___ Data for this task

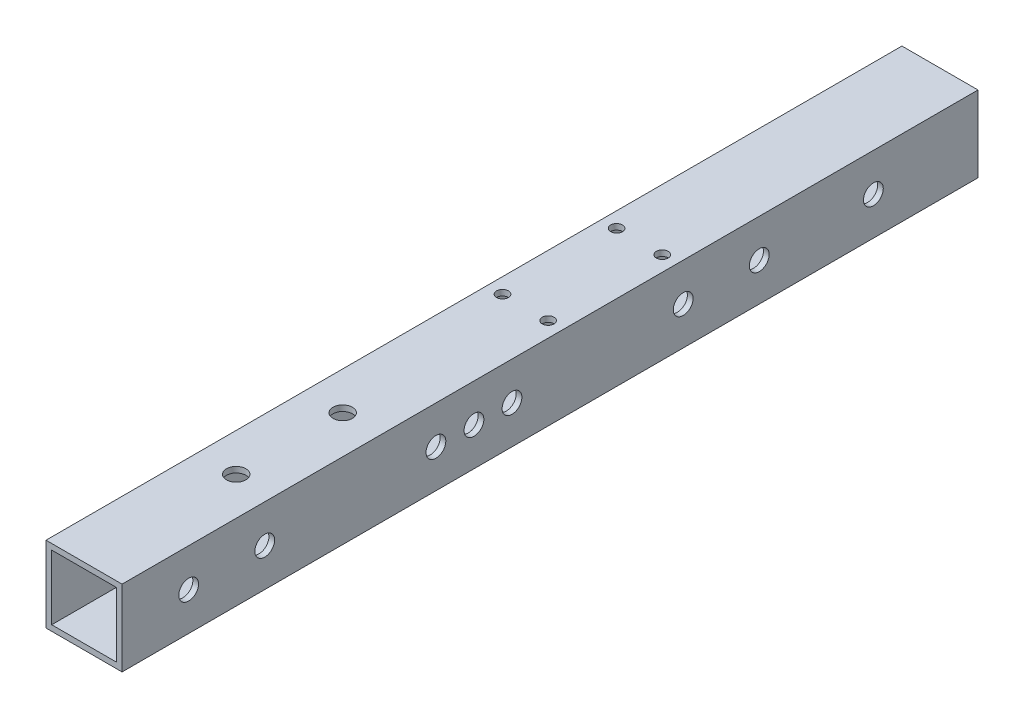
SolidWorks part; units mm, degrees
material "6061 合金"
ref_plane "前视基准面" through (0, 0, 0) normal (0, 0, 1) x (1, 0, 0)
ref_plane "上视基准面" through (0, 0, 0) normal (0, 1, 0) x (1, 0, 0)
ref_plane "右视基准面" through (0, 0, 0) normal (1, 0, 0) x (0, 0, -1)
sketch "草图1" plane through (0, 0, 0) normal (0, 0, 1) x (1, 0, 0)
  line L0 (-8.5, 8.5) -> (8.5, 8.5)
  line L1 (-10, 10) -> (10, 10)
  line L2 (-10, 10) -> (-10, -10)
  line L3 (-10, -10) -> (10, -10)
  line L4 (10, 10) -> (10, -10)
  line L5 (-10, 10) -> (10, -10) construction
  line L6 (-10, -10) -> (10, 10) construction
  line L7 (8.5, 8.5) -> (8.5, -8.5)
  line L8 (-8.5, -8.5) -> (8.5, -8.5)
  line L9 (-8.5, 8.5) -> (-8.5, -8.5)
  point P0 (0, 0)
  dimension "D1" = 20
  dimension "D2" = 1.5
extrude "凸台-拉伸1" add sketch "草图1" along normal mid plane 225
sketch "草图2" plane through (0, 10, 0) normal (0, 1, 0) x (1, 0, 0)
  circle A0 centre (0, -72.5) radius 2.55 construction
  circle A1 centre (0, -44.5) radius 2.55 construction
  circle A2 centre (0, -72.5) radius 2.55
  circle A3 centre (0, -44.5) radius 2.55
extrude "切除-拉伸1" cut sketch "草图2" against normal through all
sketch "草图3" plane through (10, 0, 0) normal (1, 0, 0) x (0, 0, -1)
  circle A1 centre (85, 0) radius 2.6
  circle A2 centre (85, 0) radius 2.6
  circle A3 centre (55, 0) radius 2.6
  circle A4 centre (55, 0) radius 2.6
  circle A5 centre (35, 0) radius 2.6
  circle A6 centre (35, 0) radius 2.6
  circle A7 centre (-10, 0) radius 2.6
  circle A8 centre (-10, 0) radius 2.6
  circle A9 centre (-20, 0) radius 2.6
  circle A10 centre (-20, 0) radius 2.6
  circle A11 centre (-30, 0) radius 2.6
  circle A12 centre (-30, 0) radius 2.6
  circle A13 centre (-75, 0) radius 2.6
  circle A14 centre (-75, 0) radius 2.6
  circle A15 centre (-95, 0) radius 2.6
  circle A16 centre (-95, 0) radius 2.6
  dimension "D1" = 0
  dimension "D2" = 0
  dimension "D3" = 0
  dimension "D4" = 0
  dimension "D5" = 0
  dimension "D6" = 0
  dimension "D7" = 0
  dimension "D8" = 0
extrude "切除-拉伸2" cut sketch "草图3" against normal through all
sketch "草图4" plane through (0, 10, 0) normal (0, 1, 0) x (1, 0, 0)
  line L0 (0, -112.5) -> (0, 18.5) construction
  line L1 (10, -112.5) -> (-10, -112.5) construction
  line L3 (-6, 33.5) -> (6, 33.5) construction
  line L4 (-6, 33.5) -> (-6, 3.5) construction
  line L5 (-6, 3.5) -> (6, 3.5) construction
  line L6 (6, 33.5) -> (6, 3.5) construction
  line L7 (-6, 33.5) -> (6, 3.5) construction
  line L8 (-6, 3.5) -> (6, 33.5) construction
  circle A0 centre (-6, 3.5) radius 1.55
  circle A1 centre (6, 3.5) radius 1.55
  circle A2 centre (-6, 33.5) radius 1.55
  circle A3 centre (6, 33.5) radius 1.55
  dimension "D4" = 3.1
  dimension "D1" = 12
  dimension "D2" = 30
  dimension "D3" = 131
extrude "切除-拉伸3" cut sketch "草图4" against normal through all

______

▶ Task goal:
Give the records again without a single change, and exclude the pictures.

▶ Result of this exercise:
SolidWorks part; units mm, degrees
material "6061 合金"
ref_plane "前视基准面" through (0, 0, 0) normal (0, 0, 1) x (1, 0, 0)
ref_plane "上视基准面" through (0, 0, 0) normal (0, 1, 0) x (1, 0, 0)
ref_plane "右视基准面" through (0, 0, 0) normal (1, 0, 0) x (0, 0, -1)
sketch "草图1" plane through (0, 0, 0) normal (0, 0, 1) x (1, 0, 0)
  line L0 (-8.5, 8.5) -> (8.5, 8.5)
  line L1 (-10, 10) -> (10, 10)
  line L2 (-10, 10) -> (-10, -10)
  line L3 (-10, -10) -> (10, -10)
  line L4 (10, 10) -> (10, -10)
  line L5 (-10, 10) -> (10, -10) construction
  line L6 (-10, -10) -> (10, 10) construction
  line L7 (8.5, 8.5) -> (8.5, -8.5)
  line L8 (-8.5, -8.5) -> (8.5, -8.5)
  line L9 (-8.5, 8.5) -> (-8.5, -8.5)
  point P0 (0, 0)
  dimension "D1" = 20
  dimension "D2" = 1.5
extrude "凸台-拉伸1" add sketch "草图1" along normal mid plane 225
sketch "草图2" plane through (0, 10, 0) normal (0, 1, 0) x (1, 0, 0)
  circle A0 centre (0, -72.5) radius 2.55 construction
  circle A1 centre (0, -44.5) radius 2.55 construction
  circle A2 centre (0, -72.5) radius 2.55
  circle A3 centre (0, -44.5) radius 2.55
extrude "切除-拉伸1" cut sketch "草图2" against normal through all
sketch "草图3" plane through (10, 0, 0) normal (1, 0, 0) x (0, 0, -1)
  circle A1 centre (85, 0) radius 2.6
  circle A2 centre (85, 0) radius 2.6
  circle A3 centre (55, 0) radius 2.6
  circle A4 centre (55, 0) radius 2.6
  circle A5 centre (35, 0) radius 2.6
  circle A6 centre (35, 0) radius 2.6
  circle A7 centre (-10, 0) radius 2.6
  circle A8 centre (-10, 0) radius 2.6
  circle A9 centre (-20, 0) radius 2.6
  circle A10 centre (-20, 0) radius 2.6
  circle A11 centre (-30, 0) radius 2.6
  circle A12 centre (-30, 0) radius 2.6
  circle A13 centre (-75, 0) radius 2.6
  circle A14 centre (-75, 0) radius 2.6
  circle A15 centre (-95, 0) radius 2.6
  circle A16 centre (-95, 0) radius 2.6
  dimension "D1" = 0
  dimension "D2" = 0
  dimension "D3" = 0
  dimension "D4" = 0
  dimension "D5" = 0
  dimension "D6" = 0
  dimension "D7" = 0
  dimension "D8" = 0
extrude "切除-拉伸2" cut sketch "草图3" against normal through all
sketch "草图4" plane through (0, 10, 0) normal (0, 1, 0) x (1, 0, 0)
  line L0 (0, -112.5) -> (0, 18.5) construction
  line L1 (10, -112.5) -> (-10, -112.5) construction
  line L3 (-6, 33.5) -> (6, 33.5) construction
  line L4 (-6, 33.5) -> (-6, 3.5) construction
  line L5 (-6, 3.5) -> (6, 3.5) construction
  line L6 (6, 33.5) -> (6, 3.5) construction
  line L7 (-6, 33.5) -> (6, 3.5) construction
  line L8 (-6, 3.5) -> (6, 33.5) construction
  circle A0 centre (-6, 3.5) radius 1.55
  circle A1 centre (6, 3.5) radius 1.55
  circle A2 centre (-6, 33.5) radius 1.55
  circle A3 centre (6, 33.5) radius 1.55
  dimension "D4" = 3.1
  dimension "D1" = 12
  dimension "D2" = 30
  dimension "D3" = 131
extrude "切除-拉伸3" cut sketch "草图4" against normal through all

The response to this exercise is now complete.